The MSN beta search contains approximately 40% of the pages from my site, where google contains 80 / 90 %.
I checked my main competitors, and the same ratio applies more or less. What about you?
Although the new msn is doing a great job adding fresh content, they canít expect to breakout if they donít catch up google on number of pages indexed per site.
Having the same problem with a couple of my sites.
once in a while i have to send feedback to msn which they act apon within 48hrs.
weird thing is most of my sites are fine, i'm trying to find out what it dosen't like about the these 2 as the link structure is the same as the sites it loves.
Non-indexing is certainly not a problem that I seem to have. Indeed, I think MSNbot has been "more than thorough" and is having no trouble at all going through my sites. If anything, the issue is that when my content changes, they leave cached files in their database. I have a 1000 page site which changes weekly with 4007 pages indexed by MSN!? with no confusing session variables or dynamic URLs, I am going to have to work out what happened there.
Presumably that will sort itself out in time.
Do you have highly dynamic content that may be hard for MSNbot to interpret (or session variables?)
Maybe it just takes time. When beta was announced, they had less than 1% of our pages...it's been going up nearly every day, though, and is now over 10% (of 60,000 pages).

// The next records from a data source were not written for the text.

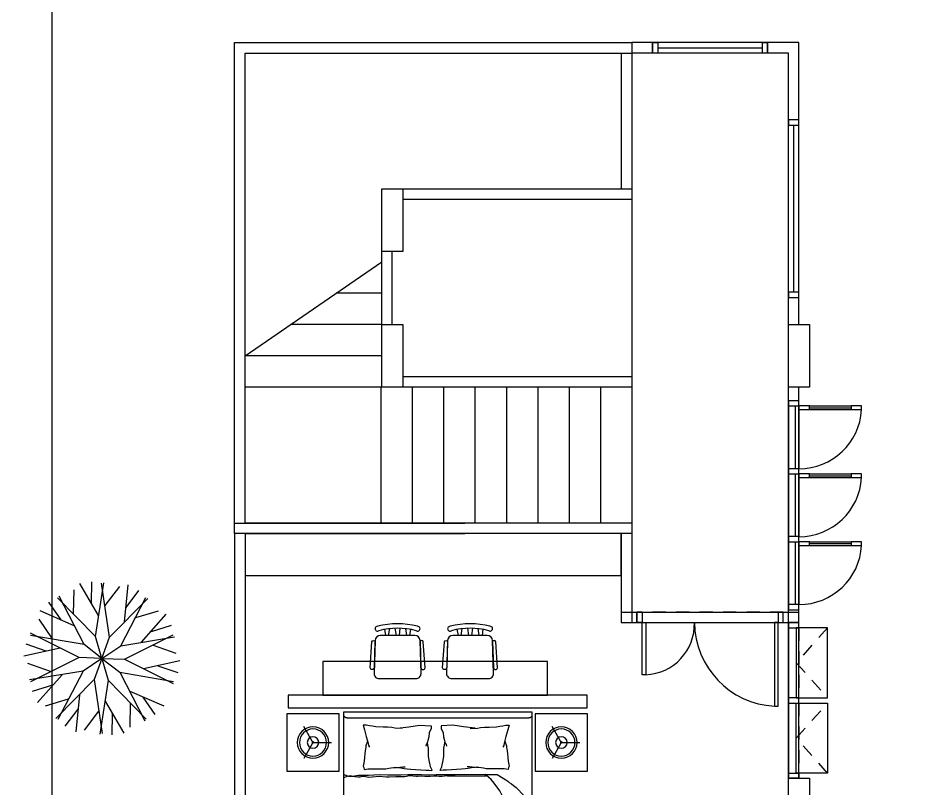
# Model space of a CAD drawing. Header units: inches. Extents: x 232 to 336, y -86 to 33.
# Drawn here: x 299.13 to 307.88, y -79.05 to -71.68 of the extents above; entities that cross this region are included whole.
import ezdxf

# ---------------------------------------------------------------- set-up
doc = ezdxf.new("R2010")
doc.units = ezdxf.units.IN
doc.header["$MEASUREMENT"] = 0
doc.linetypes.add('HIDDEN2', pattern=[0.1875, 0.125, -0.0625])
for name, color, linetype in [('CEILING', 6, 'HIDDEN2'), ('FUR', 9, 'Continuous'), ('HATCH', 251, 'Continuous'), ('IFF-FURN-DETAIL', 250, 'Continuous'), ('line', 1, 'Continuous'), ('line2', 1, 'Continuous'), ('OPEN', 2, 'Continuous'), ('OPEN-3', 1, 'Continuous'), ('OPEN-4', 56, 'Continuous'), ('OPEN-5', 152, 'Continuous'), ('OPEN-DOT', 9, 'HIDDEN2'), ('OPEN-GLASS', 71, 'Continuous'), ('OPEN-GLASS2', 23, 'Continuous'), ('OPEN-GLASS3', 129, 'Continuous')]:
    doc.layers.add(name, color=color, linetype=linetype)

# ---------------------------------------------------------------- blocks, each defined once
blk = doc.blocks.new('-BED180')
at = {"layer": 'FUR'}
for points in [[(-1.875, 0.9), (-1.8846, 0.9289), (-1.8846, 0.9519), (-1.8978, 0.9784), (-1.9562, 0.9951), (-1.9914, 1.0068), (-2.0363, 0.9438), (-2.0571, 0.9093), (-2.0639, 0.9024), (-2.0872, 0.8674), (-2.0538, 0.8228), (-2.0045, 0.8031), (-2, 0.7986)], [(0, -0.9), (0, 0.9), (-1.875, 0.9)], [(-0.6009, 0.4491), (-0.6009, 0.5683), (-0.6353, 0.6239), (-0.6512, 0.6503), (-0.6644, 0.6689), (-0.6777, 0.6821), (-0.6909, 0.7033), (-0.7068, 0.7245), (-0.7253, 0.7483), (-0.7517, 0.7748), (-0.7809, 0.8013), (-0.7994, 0.8198), (-0.8364, 0.8569), (-0.8496, 0.8727), (-0.8602, 0.8833), (-0.8708, 0.9019), (-0.8761, 0.9019), (-0.884, 0.9098), (-0.8946, 0.8913), (-0.9131, 0.8648), (-0.9528, 0.8039), (-0.9766, 0.7642), (-0.9925, 0.7404), (-1.0057, 0.7165), (-1.0057, 0.7165), (-0.9846, 0.698), (-0.9343, 0.6821), (-0.8602, 0.6398), (-0.8073, 0.6186), (-0.757, 0.5921), (-0.683, 0.5391), (-0.6486, 0.51), (-0.63, 0.4888), (-0.6115, 0.465), (-0.6013, 0.4497)], [(-2, 0.7986), (-2, -0.7986)], [(-0.06, -0.8699), (-0.06, 0.8699)], [(-0.2817, 0.6399), (-0.3281, 0.6559), (-0.3441, 0.6577), (-0.3561, 0.6585), (-0.3994, 0.6666), (-0.4369, 0.6702), (-0.4744, 0.672), (-0.5207, 0.6809), (-0.535, 0.6756), (-0.5525, 0.6734), (-0.5457, 0.6345), (-0.5475, 0.5881), (-0.5457, 0.556), (-0.5457, 0.4632), (-0.5404, 0.4364), (-0.5386, 0.4132), (-0.535, 0.39), (-0.5332, 0.3632), (-0.5297, 0.3293), (-0.5261, 0.3025), (-0.5261, 0.2793)], [(-0.1602, 0.3098), (-0.156, 0.3781), (-0.1517, 0.408), (-0.1474, 0.4465), (-0.1474, 0.4892), (-0.1432, 0.5618), (-0.1389, 0.5917), (-0.1346, 0.6216), (-0.1303, 0.6515), (-0.1303, 0.6814), (-0.173, 0.6686), (-0.2371, 0.6515), (-0.3011, 0.6344), (-0.3224, 0.6302), (-0.3395, 0.6216)], [(-0.616, 0.4626), (-0.616, 0.4263), (-0.616, 0.4009), (-0.616, 0.3791), (-0.616, 0.35), (-0.616, 0.3137), (-0.616, 0.2774), (-0.616, 0.2447), (-0.616, 0.2193), (-0.616, 0.2084), (-0.616, 0.1757), (-0.616, 0.1575), (-0.616, 0.0958), (-0.6124, 0.0849), (-0.6196, 0.0413), (-0.6196, 0.0123), (-0.616, -0.0095), (-0.616, -0.0386), (-0.6196, -0.0749), (-0.6196, -0.1039), (-0.6196, -0.1257), (-0.616, -0.1548), (-0.6196, -0.1911), (-0.6196, -0.2056), (-0.6124, -0.271), (-0.6233, -0.3182), (-0.6233, -0.3436), (-0.6233, -0.3727), (-0.6233, -0.4017), (-0.6269, -0.4671), (-0.6269, -0.4962), (-0.6196, -0.5615), (-0.6269, -0.6305), (-0.6305, -0.6596), (-0.6233, -0.6923), (-0.6196, -0.7286), (-0.6269, -0.7468), (-0.6269, -0.7649), (-0.6233, -0.794), (-0.6196, -0.8194), (-0.6124, -0.8339), (-0.6196, -0.8702), (-0.6341, -0.8993)], [(-0.6013, 0.4556), (-0.6047, 0.1635), (-0.6047, 0.0279), (-0.6047, -0.0173), (-0.6082, -0.0834), (-0.6047, -0.1564), (-0.6047, -0.2886), (-0.6082, -0.3546), (-0.6082, -0.4172), (-0.6082, -0.4798), (-0.6047, -0.5493), (-0.6082, -0.6119), (-0.6117, -0.6641), (-0.6117, -0.7162), (-0.6117, -0.7615), (-0.6186, -0.8171), (-0.6186, -0.8519), (-0.6082, -0.8866), (-0.6063, -0.9)], [(-0.5314, 0.3757), (-0.5332, 0.3525), (-0.5386, 0.3221), (-0.5439, 0.2882), (-0.5475, 0.2597), (-0.5511, 0.2258), (-0.5528, 0.1793), (-0.5564, 0.1294), (-0.5582, 0.083), (-0.56, 0.0508), (-0.5618, 0.0258), (-0.56, 0.0205), (-0.5279, 0.0365), (-0.51, 0.0401), (-0.4654, 0.049), (-0.4244, 0.0562), (-0.3941, 0.058), (-0.3495, 0.058), (-0.3192, 0.0615), (-0.2978, 0.0651), (-0.2906, 0.0669)], [(-0.156, 0.3568), (-0.1432, 0.2457), (-0.1303, 0.1432), (-0.1346, 0.0321), (-0.1602, 0.0321), (-0.2029, 0.0492), (-0.2413, 0.0535), (-0.2755, 0.062), (-0.3011, 0.0706), (-0.3139, 0.0791), (-0.331, 0.0834)], [(-0.5314, -0.4094), (-0.5332, -0.3862), (-0.5386, -0.3559), (-0.5439, -0.322), (-0.5475, -0.2934), (-0.5511, -0.2595), (-0.5528, -0.2131), (-0.5564, -0.1631), (-0.5582, -0.1167), (-0.56, -0.0846), (-0.5618, -0.0596), (-0.56, -0.0542), (-0.5279, -0.0703), (-0.51, -0.0738), (-0.4654, -0.0828), (-0.4244, -0.0899), (-0.3941, -0.0917), (-0.3495, -0.0917), (-0.3192, -0.0953), (-0.2978, -0.0988), (-0.2906, -0.1006)], [(-0.156, -0.3905), (-0.1432, -0.2795), (-0.1303, -0.1769), (-0.1346, -0.0659), (-0.1602, -0.0659), (-0.2029, -0.083), (-0.2413, -0.0872), (-0.2755, -0.0958), (-0.3011, -0.1043), (-0.3139, -0.1129), (-0.331, -0.1171)], [(-0.2817, -0.6736), (-0.3281, -0.6897), (-0.3441, -0.6914), (-0.3561, -0.6922), (-0.3994, -0.7004), (-0.4369, -0.7039), (-0.4744, -0.7057), (-0.5207, -0.7147), (-0.535, -0.7093), (-0.5525, -0.7071), (-0.5457, -0.6682), (-0.5475, -0.6218), (-0.5457, -0.5897), (-0.5457, -0.4969), (-0.5404, -0.4701), (-0.5386, -0.4469), (-0.535, -0.4237), (-0.5332, -0.3969), (-0.5297, -0.363), (-0.5261, -0.3362), (-0.5261, -0.313)], [(-0.1602, -0.3435), (-0.156, -0.4119), (-0.1517, -0.4418), (-0.1474, -0.4802), (-0.1474, -0.5229), (-0.1432, -0.5955), (-0.1389, -0.6254), (-0.1346, -0.6554), (-0.1303, -0.6853), (-0.1303, -0.7152), (-0.173, -0.7023), (-0.2371, -0.6853), (-0.3011, -0.6682), (-0.3224, -0.6639), (-0.3395, -0.6554)], [(-1.875, -0.9), (-1.8846, -0.9289), (-1.8846, -0.9519), (-1.8978, -0.9784), (-1.9562, -0.9951), (-1.9914, -1.0068), (-2.0363, -0.9438), (-2.0571, -0.9093), (-2.0639, -0.9024), (-2.0872, -0.8674), (-2.0538, -0.8228), (-2.0045, -0.8031), (-2, -0.7986)], [(-1.875, -0.9), (0, -0.9)]]:
    blk.add_lwpolyline(points, dxfattribs=at)
for centre, start, end in [((-0.0299, 0.8699), 90, 180), ((-0.0299, -0.8699), 180, 270)]:
    blk.add_arc(centre, 0.0301, start, end, dxfattribs=at)
blk = doc.blocks.new('A$C6B490D39')
at = {"layer": 'FUR', "xscale": -1, "rotation": 270}
blk.add_blockref('-BED180', (1.0068, 2.0872, 0), dxfattribs=at)
blk = doc.blocks.new('1X-LAMP1')
at = {"color": 0, "linetype": 'ByBlock'}
for p, q in [((0.033, -0.058), (-0.59, 1.022)), ((0.033, -0.058), (-0.59, 1.022)), ((0.033, 0.058), (-0.59, -1.022)), ((0.033, 0.058), (-0.59, -1.022)), ((-0.067, 0), (1.18, 0)), ((-0.067, 0), (1.18, 0))]:
    blk.add_line(p, q, dxfattribs=at)
at = {"color": 0, "linetype": 'ByBlock', "const_width": 0.0333}
for points in [[(-0.481, 0.833), (-0.582, 1.009)], [(-0.481, 0.833), (-0.582, 1.009)], [(0.962, 0), (1.165, 0)], [(0.962, 0), (1.165, 0)], [(-0.481, -0.833), (-0.582, -1.009)], [(-0.481, -0.833), (-0.582, -1.009)]]:
    blk.add_lwpolyline(points, dxfattribs=at)
at = {"color": 0, "linetype": 'ByBlock'}
blk.add_circle((0, 0), 1, dxfattribs=at)
at = {"layer": 'IFF-FURN-DETAIL', "linetype": 'ByBlock'}
for radius in [0.867, 0.867, 0.367, 0.367]:
    blk.add_circle((0, 0), radius, dxfattribs=at)
blk = doc.blocks.new('A$C37404BAE')
at = {"layer": 'FUR', "elevation": 0}
blk.add_lwpolyline([(0, 0.5), (0, 0), (0.55, 0), (0.55, 0.5)], close=True, dxfattribs=at)
at = {"layer": 'FUR', "xscale": -0.1500000000014552, "yscale": 0.1500000000014552, "zscale": 1.2, "rotation": 90}
blk.add_blockref('1X-LAMP1', (0.275, 0.25, 0), dxfattribs=at)
blk = doc.blocks.new('F-CHR1A')
at = {"layer": 'FUR'}
for points in [[(0.1749, 0.4613, 1.546334), (0.1901, 0.501, 0.125632), (-0.1901, 0.501, 1.546334), (-0.1749, 0.4613, -0.13377)], [(-0.215, 0.3644), (-0.225, 0.05, 0.414214), (-0.175, 0), (0.175, 0, 0.414214), (0.225, 0.05), (0.215, 0.3646, 0.405101), (0.165, 0.413), (-0.165, 0.4128, 0.404761)]]:
    blk.add_lwpolyline(points, format="xyb", close=True, dxfattribs=at)
for points in [[(-0.1258, 0.4727), (-0.115, 0.4129)], [(-0.0861, 0.4129), (-0.0747, 0.4805)], [(-0.025, 0.4842), (-0.015, 0.4129)], [(0.017, 0.413), (0.025, 0.4842)], [(0.0747, 0.4805), (0.085, 0.413)], [(0.1175, 0.413), (0.1256, 0.4727)]]:
    blk.add_lwpolyline(points, dxfattribs=at)
for points in [[(-0.2161, 0.3538), (-0.2239, 0.1056, -0.937553), (-0.2627, 0.1042), (-0.2451, 0.352, -0.867885), (-0.2161, 0.3538, -0.179819)], [(0.2161, 0.3538), (0.2239, 0.1056, 0.937553), (0.2627, 0.1042), (0.2451, 0.352, 0.867885), (0.2161, 0.3538, 0.179819)]]:
    blk.add_lwpolyline(points, format="xyb", dxfattribs=at)
blk = doc.blocks.new('A$C50485CD1')
at = {"layer": 'FUR'}
blk.add_blockref('F-CHR1A', (0.2627, 0), dxfattribs=at)
blk = doc.blocks.new('A$Cd2129d45')
for points in [[(0.3835, 2.2447), (0.3835, 2.5694), (2.5343, 2.5694), (2.5343, 2.2447)], [(0.0017, 2.1237), (0.0017, 2.2447), (2.8652, 2.2447), (2.8652, 2.1237)]]:
    blk.add_lwpolyline(points, close=True)
at = {"xscale": -1}
for name, p in [('A$C50485CD1', (1.3864, 2.4042)), ('A$C50485CD1', (2.0802, 2.4042)), ('A$C6B490D39', (2.4382, 0, 0))]:
    blk.add_blockref(name, p, dxfattribs=at)
at = {"xscale": -1, "rotation": 270}
for p in [(0, 1.5171), (2.3769, 1.5171)]:
    blk.add_blockref('A$C37404BAE', p, dxfattribs=at)
blk = doc.blocks.new('A$Cd348ede5')
at = {"layer": 'CEILING'}
blk.add_lwpolyline([(0, 0), (1.4, 0), (1.4, 0.1), (0, 0.1)], close=True, dxfattribs=at)
at = {"layer": 'OPEN'}
for points in [[(0.05, 0.1), (0.085, 0.1), (0.085, 0.9), (0.05, 0.9)], [(1.35, 0.1), (1.315, 0.1), (1.315, 0.6), (1.35, 0.6)], [(0, 0), (0.05, 0), (0.05, 0.1), (0, 0.1)], [(1.4, 0), (1.35, 0), (1.35, 0.1), (1.4, 0.1)]]:
    blk.add_lwpolyline(points, close=True, dxfattribs=at)
at = {"layer": 'OPEN-4'}
for centre, radius, start, end in [((0.0419, 0.0924), 0.8082, 0.54061, 86.94092), ((1.3363, 0.1134), 0.4865, 92.50896, 181.57532)]:
    blk.add_arc(centre, radius, start, end, dxfattribs=at)
blk = doc.blocks.new('A$C81779bce')
at = {"layer": 'CEILING'}
blk.add_lwpolyline([(0, 0), (1.49, 0), (1.49, 0.1), (0, 0.1)], close=True, dxfattribs=at)
at = {"layer": 'OPEN'}
for points in [[(0, 0), (0.05, 0), (0.05, 0.1), (0, 0.1)], [(0.72, 0), (0.77, 0), (0.77, 0.1), (0.72, 0.1)], [(1.49, 0), (1.44, 0), (1.44, 0.1), (1.49, 0.1)]]:
    blk.add_lwpolyline(points, close=True, dxfattribs=at)
at = {"layer": 'OPEN-3'}
for points in [[(0.05, 0.075), (0.72, 0.075), (0.72, 0.375), (0.05, 0.375)], [(1.44, 0.075), (0.77, 0.075), (0.77, 0.375), (1.44, 0.375)]]:
    blk.add_lwpolyline(points, close=True, dxfattribs=at)
at = {"layer": 'OPEN-5'}
for p, q in [((0.05, 0), (0.72, 0)), ((0.77, 0), (1.435, 0))]:
    blk.add_line(p, q, dxfattribs=at)
at = {"layer": 'OPEN-DOT'}
for p, q in [((0.05, 0.1), (0.72, 0.1)), ((0.77, 0.1), (1.435, 0.1))]:
    blk.add_line(p, q, dxfattribs=at)
for points in [[(0.05, 0.375), (0.385, 0.075), (0.72, 0.375)], [(1.44, 0.375), (1.105, 0.075), (0.77, 0.375)]]:
    blk.add_lwpolyline(points, dxfattribs=at)
blk = doc.blocks.new('A$Cca9231e2')
at = {"layer": 'CEILING'}
blk.add_lwpolyline([(0, 0), (2, 0), (2, 0.1), (0, 0.1)], close=True, dxfattribs=at)
at = {"layer": 'OPEN'}
for points in [[(0, 0), (0.05, 0), (0.05, 0.1), (0, 0.1)], [(0.65, 0), (0.7, 0), (0.7, 0.1), (0.65, 0.1)], [(1.3, 0), (1.35, 0), (1.35, 0.1), (1.3, 0.1)], [(1.95, 0), (2, 0), (2, 0.1), (1.95, 0.1)]]:
    blk.add_lwpolyline(points, close=True, dxfattribs=at)
at = {"layer": 'OPEN-3'}
for centre in [(0.05, 0.1), (0.7, 0.1), (1.35, 0.1)]:
    blk.add_arc(centre, 0.601, 0, 86.66153, dxfattribs=at)
at = {"layer": 'OPEN-5'}
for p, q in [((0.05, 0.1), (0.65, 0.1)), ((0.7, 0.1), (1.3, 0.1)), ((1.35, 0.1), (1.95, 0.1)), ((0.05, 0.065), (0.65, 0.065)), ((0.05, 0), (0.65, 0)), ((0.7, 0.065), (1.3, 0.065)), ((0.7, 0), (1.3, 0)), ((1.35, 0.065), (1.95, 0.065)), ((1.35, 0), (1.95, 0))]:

For me, they have been crawling thounsands of pages a day for months but they still don't manage to put even close to 1 percent of the inventory in the index. Not sure why.
Google has 200 times the number of my pages as MSN.
|they canít expect to breakout if they donít catch up google on number of pages indexed per site. |
That's a myth perpetuated by webmasters who spend far to much time doing site: searches. Matching the total number of pages indexed on a given site has nothing to do with whether or not MSN will produce an engine of equal quality.
The reality is that regardless of how big your site is, the majority of your search engine traffic comes from a relatively small percentage of your total pages. All MSN has to do is make sure the pages they do keep include the ones that actually show up in SERPS. All the rest are simply taking up space.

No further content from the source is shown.